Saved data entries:
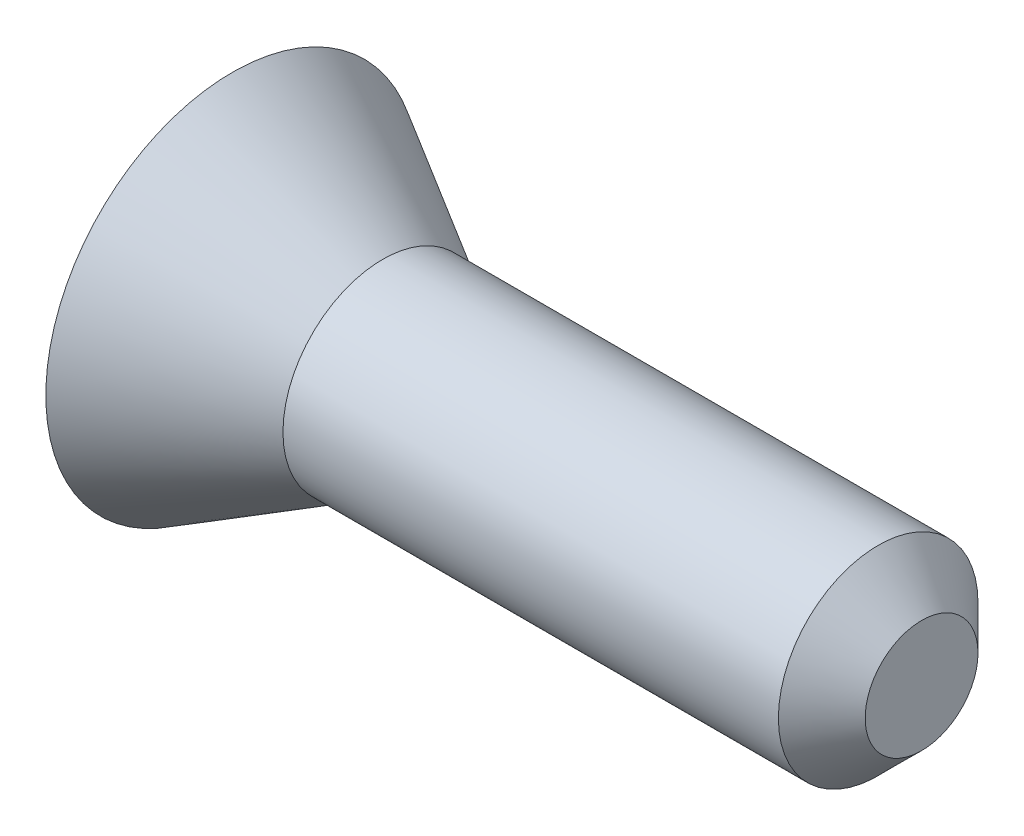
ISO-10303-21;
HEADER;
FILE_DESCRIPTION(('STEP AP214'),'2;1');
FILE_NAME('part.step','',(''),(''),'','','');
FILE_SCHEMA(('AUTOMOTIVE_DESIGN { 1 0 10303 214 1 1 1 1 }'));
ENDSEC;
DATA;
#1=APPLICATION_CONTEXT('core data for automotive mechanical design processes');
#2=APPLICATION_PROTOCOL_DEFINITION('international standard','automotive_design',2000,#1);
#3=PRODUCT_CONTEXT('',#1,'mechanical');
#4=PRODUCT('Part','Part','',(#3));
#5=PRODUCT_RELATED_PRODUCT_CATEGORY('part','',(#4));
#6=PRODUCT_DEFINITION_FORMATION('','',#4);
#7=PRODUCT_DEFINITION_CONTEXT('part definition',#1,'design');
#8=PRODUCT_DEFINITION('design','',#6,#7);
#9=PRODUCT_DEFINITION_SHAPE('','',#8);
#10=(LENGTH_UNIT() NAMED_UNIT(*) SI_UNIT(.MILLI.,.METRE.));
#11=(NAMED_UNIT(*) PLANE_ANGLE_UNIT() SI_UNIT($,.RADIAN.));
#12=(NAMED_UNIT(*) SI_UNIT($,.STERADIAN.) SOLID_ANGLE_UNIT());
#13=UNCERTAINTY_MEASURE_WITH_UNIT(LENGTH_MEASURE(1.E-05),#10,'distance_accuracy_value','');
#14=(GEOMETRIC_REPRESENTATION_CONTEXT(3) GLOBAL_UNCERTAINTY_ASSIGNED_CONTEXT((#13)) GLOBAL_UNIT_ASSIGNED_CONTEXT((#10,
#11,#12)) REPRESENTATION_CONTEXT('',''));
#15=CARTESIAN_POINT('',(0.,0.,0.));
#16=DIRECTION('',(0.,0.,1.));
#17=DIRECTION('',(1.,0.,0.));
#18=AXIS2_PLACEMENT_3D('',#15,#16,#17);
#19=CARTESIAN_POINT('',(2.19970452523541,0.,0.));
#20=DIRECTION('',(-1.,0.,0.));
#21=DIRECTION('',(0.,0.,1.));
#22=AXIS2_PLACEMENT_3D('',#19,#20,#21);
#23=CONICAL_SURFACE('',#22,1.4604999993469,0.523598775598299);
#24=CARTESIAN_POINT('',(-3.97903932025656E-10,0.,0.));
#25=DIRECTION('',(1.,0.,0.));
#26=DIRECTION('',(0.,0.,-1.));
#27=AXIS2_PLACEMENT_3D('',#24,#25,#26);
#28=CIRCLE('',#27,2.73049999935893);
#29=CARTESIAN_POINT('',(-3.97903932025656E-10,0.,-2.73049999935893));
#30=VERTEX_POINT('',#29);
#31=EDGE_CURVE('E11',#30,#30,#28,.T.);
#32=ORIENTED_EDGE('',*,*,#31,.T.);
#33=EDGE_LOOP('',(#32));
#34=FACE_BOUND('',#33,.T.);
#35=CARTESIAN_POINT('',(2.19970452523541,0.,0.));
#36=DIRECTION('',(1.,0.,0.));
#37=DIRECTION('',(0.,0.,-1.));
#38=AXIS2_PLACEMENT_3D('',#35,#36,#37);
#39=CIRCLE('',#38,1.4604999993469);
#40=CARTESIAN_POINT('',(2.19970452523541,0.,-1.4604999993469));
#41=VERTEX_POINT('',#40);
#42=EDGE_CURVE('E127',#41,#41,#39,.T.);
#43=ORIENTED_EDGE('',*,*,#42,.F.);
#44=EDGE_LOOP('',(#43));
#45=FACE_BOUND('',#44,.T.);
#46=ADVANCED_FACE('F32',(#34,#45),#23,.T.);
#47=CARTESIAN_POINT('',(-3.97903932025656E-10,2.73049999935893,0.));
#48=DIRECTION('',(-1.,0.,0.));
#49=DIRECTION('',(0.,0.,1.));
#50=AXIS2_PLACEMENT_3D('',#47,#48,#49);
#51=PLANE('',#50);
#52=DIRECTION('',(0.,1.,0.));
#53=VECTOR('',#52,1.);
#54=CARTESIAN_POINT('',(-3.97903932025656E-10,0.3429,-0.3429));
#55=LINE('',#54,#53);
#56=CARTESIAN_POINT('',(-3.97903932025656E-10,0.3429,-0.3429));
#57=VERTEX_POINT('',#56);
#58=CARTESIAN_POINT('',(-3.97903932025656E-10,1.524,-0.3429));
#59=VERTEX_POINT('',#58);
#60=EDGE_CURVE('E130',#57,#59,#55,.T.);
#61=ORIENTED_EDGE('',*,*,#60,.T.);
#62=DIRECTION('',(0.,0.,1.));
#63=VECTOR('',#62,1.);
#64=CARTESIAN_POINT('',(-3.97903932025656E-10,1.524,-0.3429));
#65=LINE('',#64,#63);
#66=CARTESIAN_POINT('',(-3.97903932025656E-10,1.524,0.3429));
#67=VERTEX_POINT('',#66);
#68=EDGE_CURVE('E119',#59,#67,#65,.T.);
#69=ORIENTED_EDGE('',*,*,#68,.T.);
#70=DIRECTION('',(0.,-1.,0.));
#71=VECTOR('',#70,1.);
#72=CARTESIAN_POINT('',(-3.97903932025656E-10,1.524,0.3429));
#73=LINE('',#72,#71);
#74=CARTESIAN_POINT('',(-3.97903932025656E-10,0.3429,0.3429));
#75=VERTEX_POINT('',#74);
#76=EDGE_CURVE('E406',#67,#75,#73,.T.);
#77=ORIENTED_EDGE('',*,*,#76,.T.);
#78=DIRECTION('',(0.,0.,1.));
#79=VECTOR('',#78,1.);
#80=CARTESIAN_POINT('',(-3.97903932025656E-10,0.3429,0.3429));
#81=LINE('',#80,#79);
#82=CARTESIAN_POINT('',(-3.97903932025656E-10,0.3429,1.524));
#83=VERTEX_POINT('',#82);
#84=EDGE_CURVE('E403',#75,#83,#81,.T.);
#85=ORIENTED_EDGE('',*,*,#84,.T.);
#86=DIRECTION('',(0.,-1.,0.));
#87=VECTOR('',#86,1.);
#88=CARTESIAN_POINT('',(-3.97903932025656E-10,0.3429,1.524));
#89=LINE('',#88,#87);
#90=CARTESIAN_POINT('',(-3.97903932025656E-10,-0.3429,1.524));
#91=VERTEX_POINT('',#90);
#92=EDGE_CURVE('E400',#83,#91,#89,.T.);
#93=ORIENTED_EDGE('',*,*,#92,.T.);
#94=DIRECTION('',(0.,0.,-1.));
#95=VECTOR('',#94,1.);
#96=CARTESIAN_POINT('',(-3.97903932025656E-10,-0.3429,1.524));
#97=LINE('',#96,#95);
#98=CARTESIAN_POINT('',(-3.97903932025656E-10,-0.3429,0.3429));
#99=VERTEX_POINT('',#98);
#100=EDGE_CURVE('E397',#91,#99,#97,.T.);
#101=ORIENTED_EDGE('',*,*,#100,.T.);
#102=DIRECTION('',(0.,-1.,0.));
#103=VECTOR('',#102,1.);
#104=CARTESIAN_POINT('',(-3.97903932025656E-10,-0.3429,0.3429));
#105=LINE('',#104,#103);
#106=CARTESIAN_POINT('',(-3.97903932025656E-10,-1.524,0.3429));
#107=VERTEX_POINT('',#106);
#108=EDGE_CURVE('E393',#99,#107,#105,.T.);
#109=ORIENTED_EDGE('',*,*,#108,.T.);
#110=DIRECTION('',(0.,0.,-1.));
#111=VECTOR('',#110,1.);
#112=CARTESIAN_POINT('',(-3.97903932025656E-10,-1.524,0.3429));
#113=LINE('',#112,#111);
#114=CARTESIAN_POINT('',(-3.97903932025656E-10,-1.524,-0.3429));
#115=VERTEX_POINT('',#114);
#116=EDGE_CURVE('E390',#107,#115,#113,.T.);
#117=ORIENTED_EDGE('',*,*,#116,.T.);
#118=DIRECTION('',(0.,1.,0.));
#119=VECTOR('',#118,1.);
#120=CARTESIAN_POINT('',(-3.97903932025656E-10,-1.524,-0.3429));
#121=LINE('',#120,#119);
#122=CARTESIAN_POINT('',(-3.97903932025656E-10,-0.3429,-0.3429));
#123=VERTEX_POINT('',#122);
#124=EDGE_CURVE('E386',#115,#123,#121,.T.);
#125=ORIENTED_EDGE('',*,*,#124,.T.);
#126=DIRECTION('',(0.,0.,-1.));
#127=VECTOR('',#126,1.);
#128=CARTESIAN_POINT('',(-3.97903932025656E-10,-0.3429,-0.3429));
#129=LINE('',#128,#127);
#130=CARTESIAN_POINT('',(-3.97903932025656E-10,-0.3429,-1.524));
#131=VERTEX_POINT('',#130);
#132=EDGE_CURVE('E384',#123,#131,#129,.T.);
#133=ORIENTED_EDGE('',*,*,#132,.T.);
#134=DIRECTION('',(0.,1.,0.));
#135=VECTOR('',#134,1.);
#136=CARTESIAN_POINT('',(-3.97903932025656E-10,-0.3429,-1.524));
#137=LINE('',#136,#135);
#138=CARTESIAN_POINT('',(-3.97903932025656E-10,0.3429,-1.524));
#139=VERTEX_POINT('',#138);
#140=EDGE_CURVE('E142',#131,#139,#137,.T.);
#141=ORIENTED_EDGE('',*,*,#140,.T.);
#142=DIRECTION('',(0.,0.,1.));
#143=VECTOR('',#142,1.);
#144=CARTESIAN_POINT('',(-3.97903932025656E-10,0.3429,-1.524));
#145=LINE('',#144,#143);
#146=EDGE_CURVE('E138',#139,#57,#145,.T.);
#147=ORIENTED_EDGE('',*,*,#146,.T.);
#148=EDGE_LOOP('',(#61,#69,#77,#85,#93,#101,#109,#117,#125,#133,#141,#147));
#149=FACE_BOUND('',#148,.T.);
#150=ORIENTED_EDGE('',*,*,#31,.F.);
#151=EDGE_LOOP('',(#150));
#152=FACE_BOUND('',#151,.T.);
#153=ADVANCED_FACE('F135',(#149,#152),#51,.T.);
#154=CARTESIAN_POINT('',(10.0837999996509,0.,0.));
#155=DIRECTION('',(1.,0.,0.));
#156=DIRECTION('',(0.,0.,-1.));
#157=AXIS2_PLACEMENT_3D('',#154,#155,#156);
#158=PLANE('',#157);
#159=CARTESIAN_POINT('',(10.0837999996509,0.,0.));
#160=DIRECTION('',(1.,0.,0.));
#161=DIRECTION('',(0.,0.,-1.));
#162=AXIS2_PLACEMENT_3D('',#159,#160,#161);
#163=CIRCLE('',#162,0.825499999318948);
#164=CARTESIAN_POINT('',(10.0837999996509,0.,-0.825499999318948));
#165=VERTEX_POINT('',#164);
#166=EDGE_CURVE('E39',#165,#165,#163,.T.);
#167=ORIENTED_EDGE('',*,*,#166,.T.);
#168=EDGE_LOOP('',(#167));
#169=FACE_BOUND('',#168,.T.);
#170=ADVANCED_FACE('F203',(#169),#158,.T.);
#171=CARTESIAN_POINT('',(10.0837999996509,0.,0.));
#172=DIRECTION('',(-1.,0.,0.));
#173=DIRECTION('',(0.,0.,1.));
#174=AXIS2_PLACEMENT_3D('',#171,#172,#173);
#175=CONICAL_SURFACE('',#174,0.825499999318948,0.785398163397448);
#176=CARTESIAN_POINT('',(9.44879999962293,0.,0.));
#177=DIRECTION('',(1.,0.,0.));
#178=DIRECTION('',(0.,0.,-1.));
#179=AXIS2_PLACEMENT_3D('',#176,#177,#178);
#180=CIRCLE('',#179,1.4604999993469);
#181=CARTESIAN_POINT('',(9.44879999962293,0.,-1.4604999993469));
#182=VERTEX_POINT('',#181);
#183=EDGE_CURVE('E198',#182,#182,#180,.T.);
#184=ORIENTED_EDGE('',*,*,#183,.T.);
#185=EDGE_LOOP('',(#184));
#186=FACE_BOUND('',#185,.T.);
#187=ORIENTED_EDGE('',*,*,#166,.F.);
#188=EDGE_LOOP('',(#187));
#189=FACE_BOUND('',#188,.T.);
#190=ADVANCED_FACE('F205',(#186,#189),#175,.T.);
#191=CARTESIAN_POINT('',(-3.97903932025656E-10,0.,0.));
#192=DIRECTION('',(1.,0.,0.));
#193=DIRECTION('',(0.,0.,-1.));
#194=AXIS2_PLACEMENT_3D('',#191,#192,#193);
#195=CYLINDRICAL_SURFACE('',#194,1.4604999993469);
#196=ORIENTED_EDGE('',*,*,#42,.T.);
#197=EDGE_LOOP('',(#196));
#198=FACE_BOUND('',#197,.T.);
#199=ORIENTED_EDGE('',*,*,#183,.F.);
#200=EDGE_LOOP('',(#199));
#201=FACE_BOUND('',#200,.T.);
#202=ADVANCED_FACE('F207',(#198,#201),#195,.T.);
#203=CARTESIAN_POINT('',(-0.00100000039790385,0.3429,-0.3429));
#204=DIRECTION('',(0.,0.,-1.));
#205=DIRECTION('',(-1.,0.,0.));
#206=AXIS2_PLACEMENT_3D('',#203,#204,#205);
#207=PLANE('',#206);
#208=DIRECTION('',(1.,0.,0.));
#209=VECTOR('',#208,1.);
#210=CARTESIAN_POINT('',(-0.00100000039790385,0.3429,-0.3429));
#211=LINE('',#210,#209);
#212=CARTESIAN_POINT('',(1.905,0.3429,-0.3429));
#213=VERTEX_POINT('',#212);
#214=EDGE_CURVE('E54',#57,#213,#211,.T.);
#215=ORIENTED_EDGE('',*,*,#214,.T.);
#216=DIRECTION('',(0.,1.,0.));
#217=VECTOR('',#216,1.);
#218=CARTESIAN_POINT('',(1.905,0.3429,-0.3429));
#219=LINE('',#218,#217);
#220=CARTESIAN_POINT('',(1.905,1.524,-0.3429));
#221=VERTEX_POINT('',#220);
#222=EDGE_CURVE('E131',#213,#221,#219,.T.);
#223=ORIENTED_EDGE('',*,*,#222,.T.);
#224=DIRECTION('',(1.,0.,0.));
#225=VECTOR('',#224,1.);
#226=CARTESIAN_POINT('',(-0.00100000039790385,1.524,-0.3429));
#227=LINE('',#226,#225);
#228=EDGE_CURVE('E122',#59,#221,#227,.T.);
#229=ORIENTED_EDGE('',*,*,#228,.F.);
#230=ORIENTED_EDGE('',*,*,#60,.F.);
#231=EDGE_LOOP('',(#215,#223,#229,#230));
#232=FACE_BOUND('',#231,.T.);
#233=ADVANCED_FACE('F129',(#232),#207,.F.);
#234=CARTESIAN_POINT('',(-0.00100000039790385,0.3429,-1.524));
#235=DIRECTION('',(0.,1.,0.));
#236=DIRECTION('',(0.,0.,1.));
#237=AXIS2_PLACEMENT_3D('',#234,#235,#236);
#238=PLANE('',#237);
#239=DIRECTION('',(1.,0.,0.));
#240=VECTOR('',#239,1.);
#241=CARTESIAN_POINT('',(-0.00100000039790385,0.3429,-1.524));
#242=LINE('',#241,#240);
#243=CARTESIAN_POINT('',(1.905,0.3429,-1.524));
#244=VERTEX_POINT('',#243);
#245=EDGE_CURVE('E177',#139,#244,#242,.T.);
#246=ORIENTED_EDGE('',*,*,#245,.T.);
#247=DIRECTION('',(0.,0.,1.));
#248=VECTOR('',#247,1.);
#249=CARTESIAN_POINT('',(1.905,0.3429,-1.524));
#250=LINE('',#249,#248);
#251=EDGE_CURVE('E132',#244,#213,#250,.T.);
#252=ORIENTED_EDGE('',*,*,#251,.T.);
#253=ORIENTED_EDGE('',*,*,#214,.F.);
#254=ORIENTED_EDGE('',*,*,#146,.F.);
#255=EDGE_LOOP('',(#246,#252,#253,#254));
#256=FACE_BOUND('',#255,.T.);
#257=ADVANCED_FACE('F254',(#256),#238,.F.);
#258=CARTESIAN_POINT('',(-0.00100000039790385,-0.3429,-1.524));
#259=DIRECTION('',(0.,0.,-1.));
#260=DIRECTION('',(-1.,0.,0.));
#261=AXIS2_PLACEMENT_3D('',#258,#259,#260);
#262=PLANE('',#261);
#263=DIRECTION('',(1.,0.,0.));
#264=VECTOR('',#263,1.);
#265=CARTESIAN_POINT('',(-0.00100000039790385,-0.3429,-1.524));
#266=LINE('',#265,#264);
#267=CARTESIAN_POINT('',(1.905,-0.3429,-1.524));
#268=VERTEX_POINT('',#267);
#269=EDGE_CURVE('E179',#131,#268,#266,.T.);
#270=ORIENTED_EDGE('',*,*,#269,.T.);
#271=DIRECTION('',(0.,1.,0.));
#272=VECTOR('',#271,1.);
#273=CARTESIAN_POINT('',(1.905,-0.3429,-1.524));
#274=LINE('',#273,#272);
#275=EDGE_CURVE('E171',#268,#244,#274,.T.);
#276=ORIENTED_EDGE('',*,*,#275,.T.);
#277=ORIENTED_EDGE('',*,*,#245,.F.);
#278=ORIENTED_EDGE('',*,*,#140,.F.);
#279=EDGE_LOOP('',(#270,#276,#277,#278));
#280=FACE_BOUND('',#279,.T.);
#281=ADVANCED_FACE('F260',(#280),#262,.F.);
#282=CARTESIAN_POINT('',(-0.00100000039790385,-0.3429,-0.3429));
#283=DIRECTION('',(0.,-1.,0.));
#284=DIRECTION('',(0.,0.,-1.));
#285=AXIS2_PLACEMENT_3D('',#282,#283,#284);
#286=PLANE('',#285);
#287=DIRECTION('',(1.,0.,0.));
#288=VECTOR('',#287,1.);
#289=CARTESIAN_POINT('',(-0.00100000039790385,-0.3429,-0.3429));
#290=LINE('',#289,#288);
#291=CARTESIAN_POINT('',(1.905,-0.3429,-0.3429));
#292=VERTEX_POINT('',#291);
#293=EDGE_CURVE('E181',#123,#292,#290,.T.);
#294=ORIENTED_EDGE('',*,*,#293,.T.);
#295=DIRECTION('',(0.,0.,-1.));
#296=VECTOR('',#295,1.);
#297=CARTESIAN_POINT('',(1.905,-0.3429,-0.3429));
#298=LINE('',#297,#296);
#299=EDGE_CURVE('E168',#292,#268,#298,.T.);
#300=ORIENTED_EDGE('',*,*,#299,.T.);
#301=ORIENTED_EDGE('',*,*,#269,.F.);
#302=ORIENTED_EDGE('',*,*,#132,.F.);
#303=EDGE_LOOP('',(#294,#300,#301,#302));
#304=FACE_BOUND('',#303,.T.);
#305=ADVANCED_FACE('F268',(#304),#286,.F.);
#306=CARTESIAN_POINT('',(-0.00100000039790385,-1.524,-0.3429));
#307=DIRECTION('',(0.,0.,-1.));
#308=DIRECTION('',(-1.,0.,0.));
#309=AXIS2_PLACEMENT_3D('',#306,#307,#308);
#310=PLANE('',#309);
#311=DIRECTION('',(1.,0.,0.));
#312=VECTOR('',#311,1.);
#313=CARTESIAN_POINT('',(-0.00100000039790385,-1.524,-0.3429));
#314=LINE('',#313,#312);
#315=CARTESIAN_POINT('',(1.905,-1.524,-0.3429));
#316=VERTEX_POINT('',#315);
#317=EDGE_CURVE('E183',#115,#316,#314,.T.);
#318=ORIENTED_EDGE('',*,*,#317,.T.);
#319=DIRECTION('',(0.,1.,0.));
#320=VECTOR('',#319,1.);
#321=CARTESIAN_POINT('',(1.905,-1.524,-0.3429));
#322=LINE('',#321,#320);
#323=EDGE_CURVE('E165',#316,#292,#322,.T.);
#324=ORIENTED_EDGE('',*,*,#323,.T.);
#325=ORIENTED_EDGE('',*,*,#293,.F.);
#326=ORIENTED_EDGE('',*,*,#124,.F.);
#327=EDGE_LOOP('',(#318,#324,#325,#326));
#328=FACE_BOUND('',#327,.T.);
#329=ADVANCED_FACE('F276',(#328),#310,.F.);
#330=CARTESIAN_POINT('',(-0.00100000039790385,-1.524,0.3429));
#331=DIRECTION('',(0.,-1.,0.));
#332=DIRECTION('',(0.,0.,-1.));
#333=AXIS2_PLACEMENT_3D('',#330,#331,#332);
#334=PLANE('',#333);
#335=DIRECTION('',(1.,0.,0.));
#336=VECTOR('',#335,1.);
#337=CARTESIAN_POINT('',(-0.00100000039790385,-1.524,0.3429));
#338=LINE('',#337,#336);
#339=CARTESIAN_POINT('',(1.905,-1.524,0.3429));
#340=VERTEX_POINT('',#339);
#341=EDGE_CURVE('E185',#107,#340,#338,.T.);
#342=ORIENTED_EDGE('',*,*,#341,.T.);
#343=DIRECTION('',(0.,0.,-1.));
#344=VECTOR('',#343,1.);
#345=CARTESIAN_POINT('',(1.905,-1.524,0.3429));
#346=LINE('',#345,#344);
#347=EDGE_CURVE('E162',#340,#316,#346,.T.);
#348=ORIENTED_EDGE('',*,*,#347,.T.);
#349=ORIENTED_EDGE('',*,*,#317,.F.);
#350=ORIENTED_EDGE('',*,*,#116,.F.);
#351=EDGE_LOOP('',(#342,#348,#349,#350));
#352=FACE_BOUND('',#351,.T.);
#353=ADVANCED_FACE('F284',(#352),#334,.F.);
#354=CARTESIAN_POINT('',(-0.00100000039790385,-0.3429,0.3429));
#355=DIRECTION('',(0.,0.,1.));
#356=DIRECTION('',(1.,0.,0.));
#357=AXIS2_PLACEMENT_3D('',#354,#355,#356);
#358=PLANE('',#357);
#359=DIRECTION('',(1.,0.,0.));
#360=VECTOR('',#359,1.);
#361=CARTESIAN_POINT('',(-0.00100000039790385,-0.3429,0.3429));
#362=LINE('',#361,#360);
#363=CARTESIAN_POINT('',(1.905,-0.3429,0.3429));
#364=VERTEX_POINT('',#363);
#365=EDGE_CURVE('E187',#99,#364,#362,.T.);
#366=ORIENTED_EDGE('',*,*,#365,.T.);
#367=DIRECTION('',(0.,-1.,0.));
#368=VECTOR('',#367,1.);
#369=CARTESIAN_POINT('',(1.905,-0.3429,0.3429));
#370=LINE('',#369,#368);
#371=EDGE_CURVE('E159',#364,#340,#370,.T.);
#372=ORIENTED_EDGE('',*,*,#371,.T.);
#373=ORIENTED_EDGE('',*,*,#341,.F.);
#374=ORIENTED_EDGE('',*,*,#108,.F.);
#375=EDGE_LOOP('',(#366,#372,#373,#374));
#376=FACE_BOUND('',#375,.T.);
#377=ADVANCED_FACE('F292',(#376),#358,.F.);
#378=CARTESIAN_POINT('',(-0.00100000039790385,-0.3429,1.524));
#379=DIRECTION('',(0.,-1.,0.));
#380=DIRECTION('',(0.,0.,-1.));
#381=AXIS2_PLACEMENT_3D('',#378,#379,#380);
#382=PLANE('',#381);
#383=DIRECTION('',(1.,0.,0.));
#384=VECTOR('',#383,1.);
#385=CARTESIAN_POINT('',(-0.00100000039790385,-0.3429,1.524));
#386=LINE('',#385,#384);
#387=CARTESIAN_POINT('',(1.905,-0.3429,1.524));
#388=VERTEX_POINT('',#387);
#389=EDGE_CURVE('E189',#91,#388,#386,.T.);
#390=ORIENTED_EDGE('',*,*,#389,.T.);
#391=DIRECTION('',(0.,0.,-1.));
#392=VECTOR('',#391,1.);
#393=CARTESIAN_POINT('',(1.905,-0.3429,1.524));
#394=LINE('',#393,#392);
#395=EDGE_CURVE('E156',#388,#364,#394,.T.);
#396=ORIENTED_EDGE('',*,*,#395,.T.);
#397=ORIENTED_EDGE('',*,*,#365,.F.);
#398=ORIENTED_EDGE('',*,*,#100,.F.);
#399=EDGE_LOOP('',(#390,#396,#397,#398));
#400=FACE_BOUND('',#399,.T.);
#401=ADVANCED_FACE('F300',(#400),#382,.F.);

What you are asked to do
Print exactly the lines running from the start of the entries above to the line with "#1=APPLICATION_CONTEXT('core data for", both included; leave out any pictures.

Completed task
ISO-10303-21;
HEADER;
FILE_DESCRIPTION(('STEP AP214'),'2;1');
FILE_NAME('part.step','',(''),(''),'','','');
FILE_SCHEMA(('AUTOMOTIVE_DESIGN { 1 0 10303 214 1 1 1 1 }'));
ENDSEC;
DATA;
#1=APPLICATION_CONTEXT('core data for automotive mechanical design processes');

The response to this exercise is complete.